Dataset content »
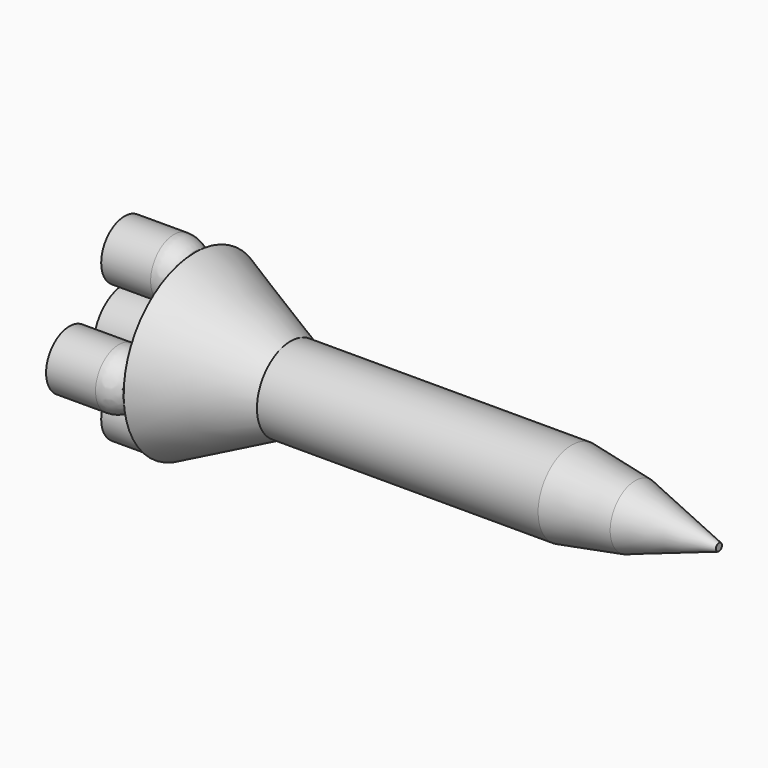
from build123d import *

# Parameters (mm, degrees)
F2_R       = 10.7168928343
F2_R_2     = 2.7397464127
F3_DEPTH   = 25
F4_SIZE    = 6.6
F5_SIZE    = 7.3
F6_DEPTH   = 25
F2_R_3     = 8.0928933426
F2_R_4     = 4.8185653545
F9_R       = 0.557922964
F9_2_R     = 0.557922964
F9_3_R     = 0.557922964
F9_4_R     = 0.557922964
F10_R      = 7.9
F10_2_R    = 7.9
F10_3_R    = 7.9
F10_4_R    = 7.9
F11_SIZE   = 3
F11_2_SIZE = 3
F11_3_SIZE = 3
F11_4_SIZE = 3


# Not quite as in the source:
# - a fillet or chamfer that OpenCascade refuses, or shapes differently, is made with other operations: its cross-section is extruded or revolved along the edge and cut away or added


with BuildPart() as f1:
    # F0 (on Front) → F1 (revolve)
    with BuildSketch(Plane.XZ):
        with BuildLine():
            ThreePointArc((56.7004742002, 0), (57.7038733342, 1.003399134), (58.7072724682, 0))
            Line((58.7072724682, 0), (65.7038733342, 0))
            Line((65.7038733342, 0), (65.7038733342, 1.0496124889))
            Line((65.7038733342, 1.0496124889), (42.4550920725, 8.6706466973))
            Line((42.4550920725, 8.6706466973), (24.8548462987, 11.6730295122))
            Line((24.8548462987, 11.6730295122), (-53.1934894355, 11.6730295122))
            Line((-53.1934894355, 11.6730295122), (-52.4483610687, 11.3070193437))
            Line((-52.4483610687, 11.3070193437), (-74.2961266658, 2.7397464127))
            Line((-74.2961266658, 2.7397464127), (-74.2961266658, 0))
            Line((-74.2961266658, 0), (56.7004742002, 0))
        make_face()
        with BuildLine():
            ThreePointArc((56.7004742002, 0), (57.7038733342, -1.003399134), (58.7072724682, 0))
            Line((58.7072724682, 0), (56.7004742002, 0))
        make_face()
        with BuildLine():
            Line((56.7004742002, 0), (58.7072724682, 0))
            ThreePointArc((58.7072724682, 0), (57.7038733342, 1.003399134), (56.7004742002, 0))
        make_face()
        Polygon((-79.760953784, 24.7230790555), (-74.2961266658, 2.7397464127), (-52.4483610687, 11.3070193437), (-53.4114667345, 11.6730295122), (-53.1934894355, 11.6730295122), align=None)
        Polygon((-53.4114667345, 11.6730295122), (-52.4483610687, 11.3070193437), (-53.1934894355, 11.6730295122), align=None)
    revolve(axis=Axis((-4.2961266658, 0, 0), (1, 0, 0)))


with BuildPart() as f3:
    # F2 (on face) → F3 (new body)
    with BuildSketch(Plane(origin=(-74.2961266658, 0, 0), x_dir=(0, -1, 0), z_dir=(-1, 0, 0))):
        Circle(F2_R)
        Circle(F2_R_2, mode=Mode.SUBTRACT)
    extrude(amount=F3_DEPTH)

    # F4
    f4_edges = [f3.edges().sort_by_distance(p)[0] for p in [
        (-99.296127, 2.739746, 0),
    ]]
    chamfer(f4_edges, length=F4_SIZE)

    # F5
    f5_edges = [f3.edges().sort_by_distance(p)[0] for p in [
        (-74.296127, 10.716893, 0),
    ]]
    chamfer(f5_edges, length=F5_SIZE)


with BuildPart() as f6:
    # F2 (on face) → F6 (new body)
    with BuildSketch(Plane(origin=(-74.2961266658, 0, 0), x_dir=(0, -1, 0), z_dir=(-1, 0, 0))):
        Circle(F2_R)
    extrude(amount=F6_DEPTH)


with BuildPart() as f6b:
    # F2 (on face) → F6, piece 2 (new body)
    with BuildSketch(Plane(origin=(-74.2961266658, 0, 0), x_dir=(0, -1, 0), z_dir=(-1, 0, 0))):
        with Locations((-19.1217530519, 0)):
            Circle(F2_R_3)
        with Locations((-19.1217530519, 0)):
            Circle(F2_R_4, mode=Mode.SUBTRACT)
    extrude(amount=F6_DEPTH)

    # F8#4: chamfer of 8 on 1 edges, made by hand

    # F8_4_s1 → F8_4_t2 (revolve, cut)
    with BuildSketch(Plane.XY):
        Polygon((-82.2961266658, 11.0288597092), (-74.2961266658, 19.0288597092), (-74.2961266658, 11.0288597092), align=None)
    revolve(axis=Axis((-74.2961266658, 19.1217530519, 0), (-1, 0, 0)), mode=Mode.SUBTRACT)

    # F9#4
    f9_4_edges = [f6b.edges().sort_by_distance(p)[0] for p in [
        (-79.021799, 23.940318, 0),
    ]]
    fillet(f9_4_edges, radius=F9_4_R)

    # F10#4
    f10_4_edges = [f6b.edges().sort_by_distance(p)[0] for p in [
        (-82.296127, 27.214646, 0),
    ]]
    fillet(f10_4_edges, radius=F10_4_R)

    # F11#2
    f11_2_edges = [f6b.edges().sort_by_distance(p)[0] for p in [
        (-99.296127, 23.940318, 0),
    ]]
    chamfer(f11_2_edges, length=F11_2_SIZE)


with BuildPart() as f6c:
    # F2 (on face) → F6, piece 3 (new body)
    with BuildSketch(Plane(origin=(-74.2961266658, 0, 0), x_dir=(0, -1, 0), z_dir=(-1, 0, 0))):
        with Locations((0, -19.1217530519)):
            Circle(F2_R_3)
        with Locations((0, -19.1217530519)):
            Circle(F2_R_4, mode=Mode.SUBTRACT)
    extrude(amount=F6_DEPTH)

    # F8#3: chamfer of 8 on 1 edges, made by hand

    # F8_3_s1 → F8_3_t2 (revolve, cut)
    with BuildSketch(Plane.XY.offset(-19.1217530519)):
        Polygon((-82.2961266658, -8.0928933426), (-74.2961266658, -0.0928933426), (-74.2961266658, -8.0928933426), align=None)
    revolve(axis=Axis((-74.2961266658, 0, -19.1217530519), (-1, 0, 0)), mode=Mode.SUBTRACT)

    # F9#3
    f9_3_edges = [f6c.edges().sort_by_distance(p)[0] for p in [
        (-79.021799, 4.818565, -19.121753),
    ]]
    fillet(f9_3_edges, radius=F9_3_R)

    # F10#3
    f10_3_edges = [f6c.edges().sort_by_distance(p)[0] for p in [
        (-81.13518, -6.931946, -19.121753),
        (-79.974233, 5.770974, -19.121753),
        (-82.296127, 8.092893, -19.121753),
    ]]
    fillet(f10_3_edges, radius=F10_3_R)

    # F11
    f11_edges = [f6c.edges().sort_by_distance(p)[0] for p in [
        (-99.296127, 4.818565, -19.121753),
    ]]
    chamfer(f11_edges, length=F11_SIZE)


with BuildPart() as f6d:
    # F2 (on face) → F6, piece 4 (new body)
    with BuildSketch(Plane(origin=(-74.2961266658, 0, 0), x_dir=(0, -1, 0), z_dir=(-1, 0, 0))):
        with Locations((19.1217530519, 0)):
            Circle(F2_R_3)
        with Locations((19.1217530519, 0)):
            Circle(F2_R_4, mode=Mode.SUBTRACT)
    extrude(amount=F6_DEPTH)

    # F8: chamfer of 8 on 1 edges, made by hand

    # F8_s1 → F8_t2 (revolve, cut)
    with BuildSketch(Plane.XY):
        Polygon((-82.2961266658, -27.2146463945), (-74.2961266658, -19.2146463945), (-74.2961266658, -27.2146463945), align=None)
    revolve(axis=Axis((-74.2961266658, -19.1217530519, 0), (-1, 0, 0)), mode=Mode.SUBTRACT)

    # F9
    f9_edges = [f6d.edges().sort_by_distance(p)[0] for p in [
        (-79.021799, -14.303188, 0),
    ]]
    fillet(f9_edges, radius=F9_R)

    # F10
    f10_edges = [f6d.edges().sort_by_distance(p)[0] for p in [
        (-81.13518, -26.053699, 0),
        (-79.974233, -13.350779, 0),
        (-82.296127, -11.02886, 0),
    ]]
    fillet(f10_edges, radius=F10_R)

    # F11#3
    f11_3_edges = [f6d.edges().sort_by_distance(p)[0] for p in [
        (-99.296127, -14.303188, 0),
    ]]
    chamfer(f11_3_edges, length=F11_3_SIZE)


with BuildPart() as f6e:
    # F2 (on face) → F6, piece 5 (new body)
    with BuildSketch(Plane(origin=(-74.2961266658, 0, 0), x_dir=(0, -1, 0), z_dir=(-1, 0, 0))):
        with Locations((0, 19.1217530519)):
            Circle(F2_R_3)
        with Locations((0, 19.1217530519)):
            Circle(F2_R_4, mode=Mode.SUBTRACT)
    extrude(amount=F6_DEPTH)

    # F8#2: chamfer of 8 on 1 edges, made by hand

    # F8_2_s1 → F8_2_t2 (revolve, cut)
    with BuildSketch(Plane.XY.offset(19.1217530519)):
        Polygon((-82.2961266658, -8.0928933426), (-74.2961266658, -0.0928933426), (-74.2961266658, -8.0928933426), align=None)
    revolve(axis=Axis((-74.2961266658, 0, 19.1217530519), (-1, 0, 0)), mode=Mode.SUBTRACT)

    # F9#2
    f9_2_edges = [f6e.edges().sort_by_distance(p)[0] for p in [
        (-79.021799, 4.818565, 19.121753),
    ]]
    fillet(f9_2_edges, radius=F9_2_R)

    # F10#2
    f10_2_edges = [f6e.edges().sort_by_distance(p)[0] for p in [
        (-82.296127, 8.092893, 19.121753),
    ]]
    fillet(f10_2_edges, radius=F10_2_R)

    # F11#4
    f11_4_edges = [f6e.edges().sort_by_distance(p)[0] for p in [
        (-99.296127, 4.818565, 19.121753),
    ]]
    chamfer(f11_4_edges, length=F11_4_SIZE)


solid = Compound([f1.part, f3.part, f6b.part, f6c.part, f6d.part, f6e.part])

Directions » Which lines in the records above contain the string "ThreePointArc"? Copy them.

Answer area »
            ThreePointArc((56.7004742002, 0), (57.7038733342, 1.003399134), (58.7072724682, 0))
            ThreePointArc((56.7004742002, 0), (57.7038733342, -1.003399134), (58.7072724682, 0))
            ThreePointArc((58.7072724682, 0), (57.7038733342, 1.003399134), (56.7004742002, 0))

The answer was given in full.